PROBLEM REQUIREMENTS
Look for the string "refuses" in the data below, and copy each line that holds it.

Saved entries
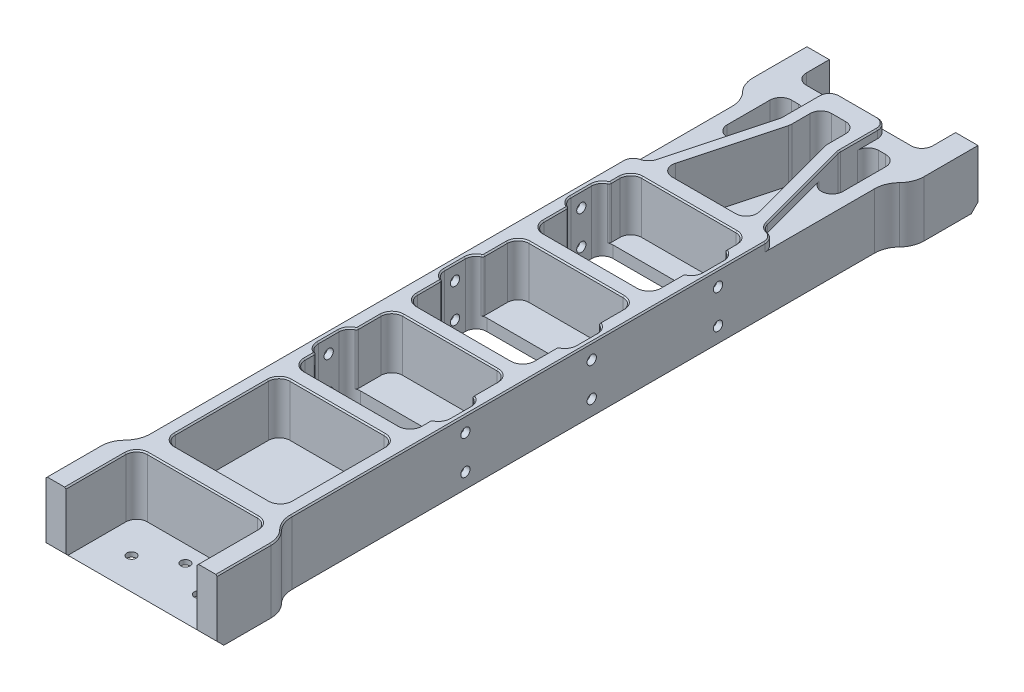
from build123d import *

# Parameters (mm, degrees)
BOSS_EXTRUDE1_DEPTH  = 225.8625
SKETCH2_W            = 68.6582
SKETCH2_H            = 12
BOSS_EXTRUDE2_DEPTH  = 31.1
BOSS_EXTRUDE3_DEPTH  = 38.1
M5_CLEARANCE_HOLE1_D = 5.5
SKETCH6_W            = 78
SKETCH6_H            = 42
CUT_EXTRUDE2_DEPTH   = 35.35
M5_CLEARANCE_HOLE2_D = 5.5
CUT_EXTRUDE3_DEPTH   = 235.614568821
SKETCH11_W           = 75
SKETCH11_H           = 20
CUT_EXTRUDE4_DEPTH   = 31.1
FILLET3_R            = 1.5
SKETCH12_W           = 68.6582
SKETCH12_H           = 9
BOSS_EXTRUDE4_DEPTH  = 31.1
BOSS_EXTRUDE6_DEPTH  = 31.1
FILLET4_R            = 6.35
CUT_EXTRUDE5_START   = -5
CUT_EXTRUDE5_DEPTH   = 5
FILLET5_R            = 6.35
FILLET6_R            = 6.35
CHAMFER1_SIZE        = 0.75
CHAMFER2_SIZE        = 4


with BuildPart() as part:
    # Sketch1 → Boss-Extrude1 (new, symmetric)
    with BuildSketch(Plane.XY):
        Polygon((-34.3291, 38.1), (-34.3291, 7), (34.3291, 7), (34.3291, 38.1), (42.3291, 38.1), (42.3291, 0), (-42.3291, 0), (-42.3291, 38.1), align=None)
    extrude(amount=BOSS_EXTRUDE1_DEPTH, both=True)

    # Sketch2 → Boss-Extrude2 (add)
    with BuildSketch(Plane(origin=(0, 7, 0), x_dir=(1, 0, 0), z_dir=(0, 1, 0))):
        with Locations((0, -177.8625)):
            Rectangle(SKETCH2_W, SKETCH2_H)
        with Locations((0, 199.8625)):
            Rectangle(SKETCH2_W, SKETCH2_H)
    extrude(amount=BOSS_EXTRUDE2_DEPTH)

    # Sketch7 → Boss-Extrude3 (add)
    with BuildSketch(Plane.XZ):
        with BuildLine():
            ThreePointArc((-46.5541, 183.427013667), (-43.425413439, 178.620692459), (-42.3291, 172.991527335))
            Line((-42.3291, 172.991527335), (-42.3291, 225.8625))
            Line((-42.3291, 225.8625), (-50.7791, 225.8625))
            Line((-50.7791, 225.8625), (-50.7791, 193.8625))
            ThreePointArc((-50.7791, 193.8625), (-49.682786561, 188.233334875), (-46.5541, 183.427013667))
        make_face()
        with BuildLine():
            Line((42.3291, 225.8625), (42.3291, 172.991527335))
            ThreePointArc((42.3291, 172.991527335), (43.425413439, 178.620692459), (46.5541, 183.427013667))
            ThreePointArc((46.5541, 183.427013667), (49.682786561, 188.233334875), (50.7791, 193.8625))
            Line((50.7791, 193.8625), (50.7791, 225.8625))
            Line((50.7791, 225.8625), (42.3291, 225.8625))
        make_face()
        with BuildLine():
            Line((-42.3291, -225.8625), (-42.3291, -172.991527335))
            ThreePointArc((-42.3291, -172.991527335), (-43.425413439, -178.620692459), (-46.5541, -183.427013667))
            ThreePointArc((-46.5541, -183.427013667), (-49.682786561, -188.233334875), (-50.7791, -193.8625))
            Line((-50.7791, -193.8625), (-50.7791, -225.8625))
            Line((-50.7791, -225.8625), (-42.3291, -225.8625))
        make_face()
        with BuildLine():
            ThreePointArc((46.5541, -183.427013667), (43.425413439, -178.620692459), (42.3291, -172.991527335))
            Line((42.3291, -172.991527335), (42.3291, -225.8625))
            Line((42.3291, -225.8625), (50.7791, -225.8625))
            Line((50.7791, -225.8625), (50.7791, -193.8625))
            ThreePointArc((50.7791, -193.8625), (49.682786561, -188.233334875), (46.5541, -183.427013667))
        make_face()
    extrude(amount=-BOSS_EXTRUDE3_DEPTH)

    # M5 Clearance Hole1 (through all)
    with Locations(Plane(origin=(0, 7, 0), x_dir=(1, 0, 0), z_dir=(0, 1, 0))):
        with Locations((-28, 213.8625), (0, 213.8625), (28, 213.8625), (0, -193.8625), (-20, -205.8625), (20, -205.8625)):
            Hole(M5_CLEARANCE_HOLE1_D / 2)

    # Sketch6 → Cut-Extrude2 (cut)
    with BuildSketch(Plane(origin=(0, 38.1, 0), x_dir=(1, 0, 0), z_dir=(0, 1, 0))):
        with Locations((0, -204.8625)):
            Rectangle(SKETCH6_W, SKETCH6_H)
    extrude(amount=-CUT_EXTRUDE2_DEPTH, mode=Mode.SUBTRACT)

    # M5 Clearance Hole2 (through all)
    with Locations(Plane(origin=(42.3291, 0, 0), x_dir=(0, 0, -1), z_dir=(1, 0, 0))):
        with Locations((-70, 29.1), (-70, 9), (5, 29.1), (5, 9), (80, 9), (80, 29.1)):
            Hole(M5_CLEARANCE_HOLE2_D / 2)

    # Sketch10 → Cut-Extrude3 (cut, through all)
    with BuildSketch(Plane(origin=(0, 38.1, 0), x_dir=(1, 0, 0), z_dir=(0, 1, 0))):
        with BuildLine():
            Line((-32.4791, 92.5), (32.4791, 92.5))
            ThreePointArc((32.4791, 92.5), (36.969228061, 90.640128061), (38.8291, 86.15))
            Line((38.8291, 86.15), (38.8291, 73.85))
            ThreePointArc((38.8291, 73.85), (36.969228061, 69.359871939), (32.4791, 67.5))
            Line((32.4791, 67.5), (-32.4791, 67.5))
            ThreePointArc((-32.4791, 67.5), (-36.969228061, 69.359871939), (-38.8291, 73.85))
            Line((-38.8291, 73.85), (-38.8291, 86.15))
            ThreePointArc((-38.8291, 86.15), (-36.969228061, 90.640128061), (-32.4791, 92.5))
        make_face()
        with BuildLine():
            Line((-32.4791, 17.5), (32.4791, 17.5))
            ThreePointArc((32.4791, 17.5), (36.969228061, 15.640128061), (38.8291, 11.15))
            Line((38.8291, 11.15), (38.8291, -1.15))
            ThreePointArc((38.8291, -1.15), (36.969228061, -5.640128061), (32.4791, -7.5))
            Line((32.4791, -7.5), (-32.4791, -7.5))
            ThreePointArc((-32.4791, -7.5), (-36.969228061, -5.640128061), (-38.8291, -1.15))
            Line((-38.8291, -1.15), (-38.8291, 11.15))
            ThreePointArc((-38.8291, 11.15), (-36.969228061, 15.640128061), (-32.4791, 17.5))
        make_face()
        with BuildLine():
            Line((-38.8291, -76.15), (-38.8291, -63.85))
            ThreePointArc((-38.8291, -63.85), (-36.969228061, -59.359871939), (-32.4791, -57.5))
            Line((-32.4791, -57.5), (32.4791, -57.5))
            ThreePointArc((32.4791, -57.5), (36.969228061, -59.359871939), (38.8291, -63.85))
            Line((38.8291, -63.85), (38.8291, -76.15))
            ThreePointArc((38.8291, -76.15), (36.969228061, -80.640128061), (32.4791, -82.5))
            Line((32.4791, -82.5), (-32.4791, -82.5))
            ThreePointArc((-32.4791, -82.5), (-36.969228061, -80.640128061), (-38.8291, -76.15))
        make_face()
    extrude(amount=-CUT_EXTRUDE3_DEPTH, mode=Mode.SUBTRACT)

    # Sketch11 → Cut-Extrude4 (cut)
    with BuildSketch(Plane(origin=(0, 38.1, 0), x_dir=(1, 0, 0), z_dir=(0, 1, 0))):
        with Locations((0, 215.8625)):
            Rectangle(SKETCH11_W, SKETCH11_H)
    extrude(amount=-CUT_EXTRUDE4_DEPTH, mode=Mode.SUBTRACT)

    # Fillet3
    fillet3_edges = [part.edges().sort_by_distance(p)[0] for p in [
        (34.3291, 22.55, 7.224537019),
        (-34.3291, 22.55, 7.224537019),
        (-34.3291, 22.55, -17.224537019),
        (34.3291, 22.55, -17.224537019),
        (34.3291, 22.55, -67.775462981),
        (-34.3291, 22.55, -67.775462981),
        (-34.3291, 22.55, -92.224537019),
        (34.3291, 22.55, -92.224537019),
        (34.3291, 22.55, 82.224537019),
        (-34.3291, 22.55, 82.224537019),
        (-34.3291, 22.55, 57.775462981),
        (34.3291, 22.55, 57.775462981),
    ]]
    fillet(fillet3_edges, radius=FILLET3_R)

    # Sketch12 → Boss-Extrude4 (add)
    with BuildSketch(Plane(origin=(0, 38.1, 0), x_dir=(1, 0, 0), z_dir=(0, 1, 0))):
        with Locations((0, 42.5)):
            Rectangle(SKETCH12_W, SKETCH12_H)
        with Locations((0, 109.3625)):
            Rectangle(SKETCH12_W, SKETCH12_H)
        with Locations((0, -99.3625)):
            Rectangle(SKETCH12_W, SKETCH12_H)
        with Locations((0, -32.5)):
            Rectangle(SKETCH12_W, SKETCH12_H)
    extrude(amount=-BOSS_EXTRUDE4_DEPTH)

    # Sketch16 → Boss-Extrude6 (add)
    with BuildSketch(Plane(origin=(0, 38.1, 0), x_dir=(1, 0, 0), z_dir=(0, 1, 0))):
        Polygon((-10.5, 193.8625), (-17.5, 193.8625), (-17.5, 176.669556246), (-34.3291, 113.8625), (-27.082166737, 113.8625), (-10.5, 175.747988763), align=None)
        Polygon((17.5, 193.8625), (10.5, 193.8625), (10.5, 175.747988763), (27.082166737, 113.8625), (34.3291, 113.8625), (17.5, 176.669556246), align=None)
    extrude(amount=-BOSS_EXTRUDE6_DEPTH)

    # Fillet4
    fillet4_edges = [part.edges().sort_by_distance(p)[0] for p in [
        (-34.3291, 22.55, -193.8625),
        (34.3291, 22.55, -193.8625),
        (34.3291, 22.55, -47),
        (34.3291, 22.55, -38),
        (-34.3291, 22.55, -38),
        (-34.3291, 22.55, -47),
        (-34.3291, 22.55, -104.8625),
        (34.3291, 22.55, -104.8625),
        (34.3291, 22.55, -113.8625),
        (-34.3291, 22.55, -113.8625),
        (-34.3291, 22.55, 94.8625),
        (-34.3291, 22.55, 103.8625),
        (34.3291, 22.55, 103.8625),
        (34.3291, 22.55, 94.8625),
        (34.3291, 22.55, 37),
        (34.3291, 22.55, 28),
        (-34.3291, 22.55, 28),
        (-34.3291, 22.55, 37),
        (-10.5, 22.55, -175.747988763),
        (-10.5, 22.55, -193.8625),
        (-17.5, 22.55, -193.8625),
        (-17.5, 22.55, -176.669556246),
        (-27.082166737, 22.55, -113.8625),
        (17.5, 22.55, -176.669556246),
        (17.5, 22.55, -193.8625),
        (10.5, 22.55, -193.8625),
        (10.5, 22.55, -175.747988763),
        (27.082166737, 22.55, -113.8625),
    ]]
    fillet(fillet4_edges, radius=FILLET4_R)

    # Sketch17 → Cut-Extrude5 (cut)
    with BuildSketch(Plane(origin=(0, 38.1, 0), x_dir=(1, 0, 0), z_dir=(0, 1, 0)).offset(CUT_EXTRUDE5_START)):
        with BuildLine():
            Line((-17.5, 187.5125), (-17.5, 205.8625))
            Line((-17.5, 205.8625), (-37.5, 205.8625))
            Line((-37.5, 205.8625), (-37.5, 225.8625))
            Line((-37.5, 225.8625), (-50.7791, 225.8625))
            Line((-50.7791, 225.8625), (-50.7791, 193.8625))
            ThreePointArc((-50.7791, 193.8625), (-49.682786561, 188.233334875), (-46.5541, 183.427013667))
            ThreePointArc((-46.5541, 183.427013667), (-43.425413439, 178.620692459), (-42.3291, 172.991527335))
            Line((-42.3291, 172.991527335), (-42.3291, 113.8625))
            Line((-42.3291, 113.8625), (-34.3291, 113.8625))
            Line((-34.3291, 113.8625), (-21.845471003, 160.452037679))
            ThreePointArc((-21.845471003, 160.452037679), (-28.807941321, 155.799863746), (-34.3291, 162.095538616))
            Line((-34.3291, 162.095538616), (-34.3291, 187.5125))
            ThreePointArc((-34.3291, 187.5125), (-32.469228061, 192.002628061), (-27.9791, 193.8625))
            Line((-27.9791, 193.8625), (-23.85, 193.8625))
            ThreePointArc((-23.85, 193.8625), (-19.359871939, 192.002628061), (-17.5, 187.5125))
        make_face()
        with BuildLine():
            Line((37.5, 205.8625), (17.5, 205.8625))
            Line((17.5, 205.8625), (17.5, 187.5125))
            ThreePointArc((17.5, 187.5125), (19.359871939, 192.002628061), (23.85, 193.8625))
            Line((23.85, 193.8625), (27.9791, 193.8625))
            ThreePointArc((27.9791, 193.8625), (32.469228061, 192.002628061), (34.3291, 187.5125))
            Line((34.3291, 187.5125), (34.3291, 162.095538616))
            ThreePointArc((34.3291, 162.095538616), (28.807941321, 155.799863746), (21.845471003, 160.452037679))
            Line((21.845471003, 160.452037679), (34.3291, 113.8625))
            Line((34.3291, 113.8625), (42.3291, 113.8625))
            Line((42.3291, 113.8625), (42.3291, 172.991527335))
            ThreePointArc((42.3291, 172.991527335), (43.425413439, 178.620692459), (46.5541, 183.427013667))
            ThreePointArc((46.5541, 183.427013667), (49.682786561, 188.233334875), (50.7791, 193.8625))
            Line((50.7791, 193.8625), (50.7791, 225.8625))
            Line((50.7791, 225.8625), (37.5, 225.8625))
            Line((37.5, 225.8625), (37.5, 205.8625))
        make_face()
    extrude(amount=CUT_EXTRUDE5_DEPTH, mode=Mode.SUBTRACT)

    # Fillet5
    fillet5_edges = [part.edges().sort_by_distance(p)[0] for p in [
        (-39, 20.425, 183.8625),
        (39, 20.425, 183.8625),
        (-34.3291, 22.55, 171.8625),
        (34.3291, 22.55, 171.8625),
        (37.5, 20.05, -205.8625),
        (-37.5, 20.05, -205.8625),
        (-34.3291, 35.6, -113.8625),
        (34.3291, 35.6, -113.8625),
    ]]
    fillet(fillet5_edges, radius=FILLET5_R)

    # Fillet6
    # the kernel refuses this fillet: 6.35 mm, written as the material it takes off along each edge
    with BuildSketch(Plane(origin=(17.5, 33.1, -205.8625), x_dir=(-1, 0, 0), z_dir=(0, 1, 0)), Plane(origin=(-17.5, 33.1, -205.8625), x_dir=(0, 0, 1), z_dir=(0, 1, 0))) as fillet6_piece_1:
        with BuildLine():
            CenterArc((FILLET6_R, FILLET6_R), FILLET6_R, 180, 90)
            Line((0, FILLET6_R), (0, 0))
            Line((0, 0), (FILLET6_R, 0))
        make_face()
    extrude(amount=20.875, mode=Mode.SUBTRACT)
    with BuildSketch(Plane(origin=(-42.3291, 33.1, -113.8625), x_dir=(0.9990396962687517, 0, -0.04381421321032847), z_dir=(0, 1, 0))) as fillet6_piece_2:
        with BuildLine():
            CenterArc((6.083893072, -6.206874275), FILLET6_R, 102.187896019, 75.300930601)
            Line((-0.260008999, -5.928654021), (-0.894399206, -5.900831996))
            Line((-0.894399206, -5.900831996), (-0.634390207, 0.027822025))
            Line((-0.634390207, 0.027822025), (0.027822025, 0.634390207))
            ThreePointArc((0.027822025, 0.634390207), (3.152292327, 0.497362411), (4.609231688, 0.620687428))
            Line((4.609231688, 0.620687428), (4.743291814, 0))
        make_face()
    extrude(amount=19.835882006, mode=Mode.SUBTRACT)
    with BuildSketch(Plane(origin=(42.3291, 33.1, -113.8625), x_dir=(-0.9990396962687521, 0, -0.04381421321032249), z_dir=(0, 1, 0))) as fillet6_piece_3:
        with BuildLine():
            CenterArc((6.083893072, 6.206874275), FILLET6_R, 182.511173381, 75.300930601)
            Line((-0.260008999, 5.928654021), (-0.894399206, 5.900831996))
            Line((-0.894399206, 5.900831996), (-0.634390207, -0.027822025))
            Line((-0.634390207, -0.027822025), (0.027822025, -0.634390207))
            ThreePointArc((0.027822025, -0.634390207), (3.152292327, -0.497362411), (4.609231688, -0.620687428))
            Line((4.609231688, -0.620687428), (4.743291814, 0))
        make_face()
    extrude(amount=19.835882006, mode=Mode.SUBTRACT)

    # Chamfer1
    chamfer1_edges = [part.edges().sort_by_distance(p)[0] for p in [
        (0, 38.1, 183.8625),
        (-25.39218419, 38.1, -147.215523866),
        (25.39218419, 38.1, -147.215523866),
        (0, 38.1, 171.8625),
        (34.3291, 38.1, 137.8625),
        (-34.3291, 38.1, 137.8625),
        (37.140128061, 38.1, 185.722371939),
        (-37.140128061, 38.1, 185.722371939),
        (-34.723305375, 38.1, -115.710595844),
        (32.469228061, 38.1, 170.002628061),
        (-32.469228061, 38.1, 170.002628061),
        (17.5, 38.1, -188.509024803),
        (34.723305375, 38.1, -115.710595844),
        (0, 38.1, -205.8625),
        (-17.5, 38.1, -188.509024803),
        (41.006724749, 38.1, -111.806998752),
        (-41.006724749, 38.1, -111.806998752),
        (-15.640128061, 38.1, -204.002628061),
        (15.640128061, 38.1, -204.002628061),
        (39, 38.1, 208.0375),
        (-39, 38.1, 208.0375),
        (38.8291, 38.1, -5),
        (-38.8291, 38.1, -5),
        (-37.842410129, 38.1, 4.549618281),
        (38.8291, 38.1, -80),
        (-38.8291, 38.1, -80),
        (-37.842410129, 38.1, -70.450381719),
        (38.8291, 38.1, 70),
        (-38.8291, 38.1, 70),
        (-37.842410129, 38.1, 60.450381719),
        (-37.842410129, 38.1, -89.549618281),
        (-37.842410129, 38.1, 79.549618281),
        (-34.3291, 38.1, 50.05035213),
        (-37.842410129, 38.1, -14.549618281),
        (-34.3291, 38.1, -24.94964787),
        (-34.3291, 38.1, -95.88089787),
        (34.3291, 38.1, -95.88089787),
        (37.842410129, 38.1, -89.549618281),
        (37.842410129, 38.1, -70.450381719),
        (34.3291, 38.1, -24.94964787),
        (37.842410129, 38.1, -14.549618281),
        (37.842410129, 38.1, 4.549618281),
        (34.3291, 38.1, 50.05035213),
        (37.842410129, 38.1, 60.450381719),
        (37.842410129, 38.1, 79.549618281),
        (34.562176347, 38.1, -92.446236303),
        (34.562176347, 38.1, -67.553763697),
        (34.562176347, 38.1, -17.446236303),
        (34.562176347, 38.1, 7.446236303),
        (34.562176347, 38.1, 57.553763697),
        (34.562176347, 38.1, 82.446236303),
        (-34.562176347, 38.1, 82.446236303),
        (-34.562176347, 38.1, 57.553763697),
        (-34.562176347, 38.1, 7.446236303),
        (-34.562176347, 38.1, -17.446236303),
        (-34.562176347, 38.1, -67.553763697),
        (-34.562176347, 38.1, -92.446236303),
        (-42.3291, 38.1, 32.531690068),
        (-43.425413439, 38.1, 178.620692459),
        (-50.7791, 38.1, 209.8625),
        (-49.682786561, 38.1, 188.233334875),
        (42.3291, 38.1, 32.531690068),
        (50.7791, 38.1, 209.8625),
        (49.682786561, 38.1, 188.233334875),
        (43.425413439, 38.1, 178.620692459),
        (0, 38.1, 37),
        (34.3291, 38.1, 85.88089787),
        (0, 38.1, 94.8625),
        (-34.3291, 38.1, 85.88089787),
        (0, 38.1, 28),
        (-34.3291, 38.1, 14.94964787),
        (0, 38.1, -38),
        (34.3291, 38.1, 14.94964787),
        (0, 38.1, -104.8625),
        (34.3291, 38.1, -60.05035213),
        (0, 38.1, -47),
        (-34.3291, 38.1, -60.05035213),
        (0, 38.1, 103.8625),
        (17.55432513, 38.1, -176.676708285),
        (-17.55432513, 38.1, -176.676708285),
        (32.469228061, 38.1, 93.002628061),
        (-32.469228061, 38.1, 93.002628061),
        (-32.469228061, 38.1, 105.722371939),
        (32.469228061, 38.1, 105.722371939),
        (-32.469228061, 38.1, -103.002628061),
        (32.469228061, 38.1, -103.002628061),
        (-32.469228061, 38.1, -48.859871939),
        (-32.469228061, 38.1, -36.140128061),
        (32.469228061, 38.1, -48.859871939),
        (32.469228061, 38.1, -36.140128061),
        (32.469228061, 38.1, 26.140128061),
        (32.469228061, 38.1, 38.859871939),
        (-32.469228061, 38.1, 26.140128061),
        (-32.469228061, 38.1, 38.859871939),
    ]]
    chamfer(chamfer1_edges, length=CHAMFER1_SIZE)

    # Chamfer2
    # the kernel refuses this chamfer: 4 mm, written as the material it takes off along each edge
    with BuildSketch(Plane(origin=(-61.065831952, 0, 225.8625), x_dir=(0, 0.9996219169112968, 0.02749587661058908), z_dir=(1, 0, 0))) as chamfer2_piece_1:
        Polygon((CHAMFER2_SIZE * 0.999621916911, -CHAMFER2_SIZE * 0.0274958766106), (-CHAMFER2_SIZE * 0.0274958766106, -CHAMFER2_SIZE * 0.999621916911), (0, 0), align=None)
    extrude(amount=122.131663904, mode=Mode.SUBTRACT)
    with BuildSketch(Plane(origin=(61.065831952, 0, -225.8625), x_dir=(0, -0.027495876610586292, 0.9996219169112968), z_dir=(-1, 0, 0))) as chamfer2_piece_2:
        Polygon((CHAMFER2_SIZE * 0.999621916911, CHAMFER2_SIZE * 0.0274958766106), (-CHAMFER2_SIZE * 0.0274958766106, CHAMFER2_SIZE * 0.999621916911), (0, 0), align=None)
    extrude(amount=122.131663904, mode=Mode.SUBTRACT)


solid = part.part

YOUR SOLUTION
    # the kernel refuses this fillet: 6.35 mm, written as the material it takes off along each edge
    # the kernel refuses this chamfer: 4 mm, written as the material it takes off along each edge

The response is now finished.